# Sensitivity, impedance or recommended minimum amp power?



## alecsus27 (Nov 21, 2010)

Hi,

I just changed my Yamaha RX-473 for RX-673 and want to buy 5.0 speakers to listen to in a 13 square meters (11x11 feet) room, 50/50 musiv/movies (gonna buy a subwoofer too next month).


I will not listen loud (live in an appartment) so please tell me, which characteristics listed in the thread title are more important to look after in choosing the speakers? That is, in order to get the best/good enough sound quality at a low/medium listening in that room. So, I don't want speakers which need to be put out loud in order to get the music sound good enough (by good I mean getting to clearly hear all instruments, all frequencies being put out).


I am aware that the higher the sensitivity/efficiency in a speaker - the better (the speaker/music will sound louder at given volume knob position, as compared to a lower sensitivity speaker). I also know that an 8 ohms speaker will need to draw less power from the receiver - as compared to a 6 ohm speaker - in order to put out the same level in sound.


My question is: given the low musical possibilities of this receiver, should I first look for speakers with lower wattage recommended amp. power? Or more important is to get higher impedance/efficiency speakers? 

Of course, it would be preferably to get a mixture of these characteristics - unfortunatelly, the speakers I need to choose between (Tannoy Mercury V1 and Q Acoustics 2020i) have them parted (Tannoy are 8 ohms and 10 W recommended amp power, but are only 86 db; Q Acoustics, are 88-89 db, but only 6 ohms and have 25 recommended min. amp. power)


As for the speaker frequency - it's another matter, I will leave that aside.


Thank you.


----------



## chrapladm (Jun 17, 2009)

Do you have the RX-V673?

If so 150 watts is plenty for most speakers you will be looking at for dynamics and headroom. And I am confused on which speakers you are trying to decide between?

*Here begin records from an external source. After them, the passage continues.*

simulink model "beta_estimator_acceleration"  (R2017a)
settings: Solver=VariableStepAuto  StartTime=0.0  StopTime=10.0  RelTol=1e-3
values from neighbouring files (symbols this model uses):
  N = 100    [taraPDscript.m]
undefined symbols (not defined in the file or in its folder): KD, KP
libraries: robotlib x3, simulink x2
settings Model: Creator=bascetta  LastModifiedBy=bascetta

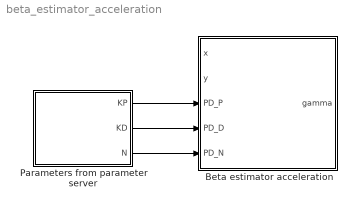
== system beta_estimator_acceleration ==
  Beta estimator acceleration : Subsystem
  Parameters from parameter server : Subsystem
  wires:
  Parameters from parameter server/3(N) -> Beta estimator acceleration/5(PD_N)
  Parameters from parameter server/2(KD) -> Beta estimator acceleration/4(PD_D)
  Parameters from parameter server/1(KP) -> Beta estimator acceleration/3(PD_P)

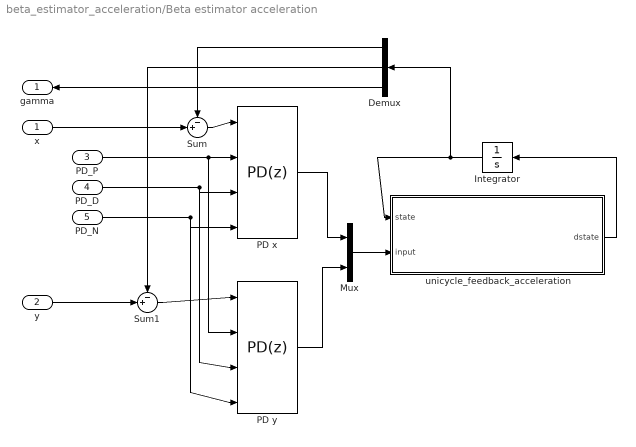
== system beta_estimator_acceleration/Beta estimator acceleration ==
  x : Inport
  y : Inport  Port=2
  PD_P : Inport  Port=3
  PD_D : Inport  Port=4
  PD_N : Inport  Port=5
  Demux : Demux  Outputs=3
  Integrator : Integrator
  Mux : Mux  Inputs=2
  PD x : simulink/Continuous/PID Controller  Controller=PD  TimeDomain=Discrete-time  SampleTime=-1  IntegratorMethod=Forward Euler  FilterMethod=Trapezoidal  Form=Parallel  UseFilter=on  ControllerParametersSource=external  P=KP  I=0  D=KD  N=N  InitialConditionSource=internal  InitialConditionForIntegrator=0  InitialConditionForFilter=0  ExternalReset=none  LimitOutput=off  UpperSaturationLimit=inf  LowerSaturationLimit=-inf  LinearizeAsGain=on  AntiWindupMode=none  Kb=1  TrackingMode=off  Kt=1  PParamMin=[]  PParamMax=[]  IParamMin=[]  IParamMax=[]  DParamMin=[]  DParamMax=[]  NParamMin=[]  NParamMax=[]  KbParamMin=[]  KbParamMax=[]  KtParamMin=[]  KtParamMax=[]  POutMin=[]  POutMax=[]  IOutMin=[]  IOutMax=[]  DOutMin=[]  DOutMax=[]  NOutMin=[]  NOutMax=[]  KbOutMin=[]  KbOutMax=[]  KtOutMin=[]  KtOutMax=[]  IntegratorOutMin=[]  IntegratorOutMax=[]  FilterOutMin=[]  FilterOutMax=[]  SumOutMin=[]  SumOutMax=[]  SumI1OutMin=[]  SumI1OutMax=[]  SumI2OutMin=[]  SumI2OutMax=[]  SumI3OutMin=[]  SumI3OutMax=[]  SumDOutMin=[]  SumDOutMax=[]  SaturationOutMin=[]  SaturationOutMax=[]  IntegratorContinuousStateAttributes=''  IntegratorStateMustResolveToSignalObject=off  IntegratorRTWStateStorageClass=Auto  FilterContinuousStateAttributes=''  FilterStateMustResolveToSignalObject=off  FilterRTWStateStorageClass=Auto  DifferentiatorICPrevScaledInput=0  DifferentiatorOutMin=[]  DifferentiatorOutMax=[]  InitialConditionSetting=State (most efficient)
  PD y : simulink/Continuous/PID Controller  Controller=PD  TimeDomain=Discrete-time  SampleTime=-1  IntegratorMethod=Forward Euler  FilterMethod=Trapezoidal  Form=Parallel  UseFilter=on  ControllerParametersSource=external  P=KP  I=0  D=KD  N=N  InitialConditionSource=internal  InitialConditionForIntegrator=0  InitialConditionForFilter=0  ExternalReset=none  LimitOutput=off  UpperSaturationLimit=inf  LowerSaturationLimit=-inf  LinearizeAsGain=on  AntiWindupMode=none  Kb=1  TrackingMode=off  Kt=1  PParamMin=[]  PParamMax=[]  IParamMin=[]  IParamMax=[]  DParamMin=[]  DParamMax=[]  NParamMin=[]  NParamMax=[]  KbParamMin=[]  KbParamMax=[]  KtParamMin=[]  KtParamMax=[]  POutMin=[]  POutMax=[]  IOutMin=[]  IOutMax=[]  DOutMin=[]  DOutMax=[]  NOutMin=[]  NOutMax=[]  KbOutMin=[]  KbOutMax=[]  KtOutMin=[]  KtOutMax=[]  IntegratorOutMin=[]  IntegratorOutMax=[]  FilterOutMin=[]  FilterOutMax=[]  SumOutMin=[]  SumOutMax=[]  SumI1OutMin=[]  SumI1OutMax=[]  SumI2OutMin=[]  SumI2OutMax=[]  SumI3OutMin=[]  SumI3OutMax=[]  SumDOutMin=[]  SumDOutMax=[]  SaturationOutMin=[]  SaturationOutMax=[]  IntegratorContinuousStateAttributes=''  IntegratorStateMustResolveToSignalObject=off  IntegratorRTWStateStorageClass=Auto  FilterContinuousStateAttributes=''  FilterStateMustResolveToSignalObject=off  FilterRTWStateStorageClass=Auto  DifferentiatorICPrevScaledInput=0  DifferentiatorOutMin=[]  DifferentiatorOutMax=[]  InitialConditionSetting=State (most efficient)
  Sum : Sum  Inputs=-+|
  Sum1 : Sum  Inputs=-+|
  unicycle_feedback_acceleration : MATLAB Function  TreatAsAtomicUnit=on
  gamma : Outport
  wires:
  unicycle_feedback_acceleration/1(dstate) -> Integrator/1
  Mux/1 -> unicycle_feedback_acceleration/2(input)
  Demux/1 -> Sum/1
  Sum1/1 -> PD y/1
  Sum/1 -> PD x/1
  PD x/1 -> Mux/1
  y/1 -> Sum1/2
  PD_P/1 -> PD y/2, PD x/2
  PD_N/1 -> PD y/4, PD x/4
  Demux/3 -> gamma/1
  PD_D/1 -> PD y/3, PD x/3
  Demux/2 -> Sum1/1
  x/1 -> Sum/2
  PD y/1 -> Mux/2
  Integrator/1 -> Demux/1, unicycle_feedback_acceleration/1(state)

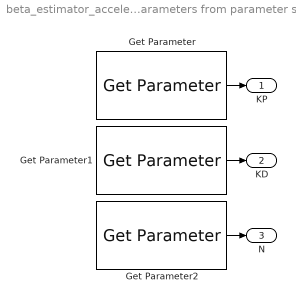
== system beta_estimator_acceleration/Parameters from parameter server ==
  Get Parameter : robotlib/Get Parameter  SourceLibraryInfo=This block requires Robotics System Toolbox  ParameterSource=Specify your own  ParameterName=/beta_estimator/KP  ParameterType=double  ParameterMaxArrayLength=16  ParameterInitialValue=0.0  SampleTime=-1  ShowErrorCodeOutput=off  ModelName=beta_estimator_acceleration  BlockId=ParamGet_beta_estimator_acceleration_22
      settings: SourceProductName=Robotics System Toolbox  SourceProductBaseCode=RO
  Get Parameter1 : robotlib/Get Parameter  SourceLibraryInfo=This block requires Robotics System Toolbox  ParameterSource=Specify your own  ParameterName=/beta_estimator/KD  ParameterType=double  ParameterMaxArrayLength=16  ParameterInitialValue=0.0  SampleTime=-1  ShowErrorCodeOutput=off  ModelName=beta_estimator_acceleration  BlockId=ParamGet_beta_estimator_acceleration_23
      settings: SourceProductName=Robotics System Toolbox  SourceProductBaseCode=RO
  Get Parameter2 : robotlib/Get Parameter  SourceLibraryInfo=This block requires Robotics System Toolbox  ParameterSource=Specify your own  ParameterName=/beta_estimator/N  ParameterType=double  ParameterMaxArrayLength=16  ParameterInitialValue=0.0  SampleTime=-1  ShowErrorCodeOutput=off  ModelName=beta_estimator_acceleration  BlockId=ParamGet_beta_estimator_acceleration_24
      settings: SourceProductName=Robotics System Toolbox  SourceProductBaseCode=RO
  KP : Outport
  KD : Outport  Port=2
  N : Outport  Port=3
  wires:
  Get Parameter1/1 -> KD/1
  Get Parameter2/1 -> N/1
  Get Parameter/1 -> KP/1

== matlab function beta_estimator_acceleration/Beta estimator acceleration/unicycle_feedback_acceleration ==
  data: state input; dstate output; input input
function dstate = unicycle_feedback_acceleration(state,input)

% State and input variables
x     = state(1);
y     = state(1);
gamma = state(3); % theta+beta
v     = state(4);
ax    = input(1);
ay    = input(2);

% Model equations
dstate = zeros(4,1);
dstate(1) = v*cos(gamma);
dstate(2) = v*sin(gamma);
dstate(3) = (ay*cos(gamma)-ax*sin(gamma))/v;
dstate(4) = ax*cos(gamma)+ay*sin(gamma);

And are you saying the speakers are only needing an amp that is rated for very low wattage? 10-25watts?


----------



## alecsus27 (Nov 21, 2010)

Yes I have the RX-673 and I just changed my mind, instead of Tannoy or Q Acoustics've I've ordered a 5.0 pack of Monitor Audio BX2/BXFX/BX Centre - due to arrive tomorrow.

The minimum recommended amplifier power for the MA's is 30 W, that is, I should probably need a minimum of 30 w per channel in order to get a good enough quality in sound?

The room is small (13 square meters, or 11x10 feet) and unfortunatelly the speakers will be placed very close to the corners. the surrounds will be wall hanged, right in the back corners, on the side walls. Listening position on a couch, against the back wall.Oh, and no chance for me to listen to them prior to buying.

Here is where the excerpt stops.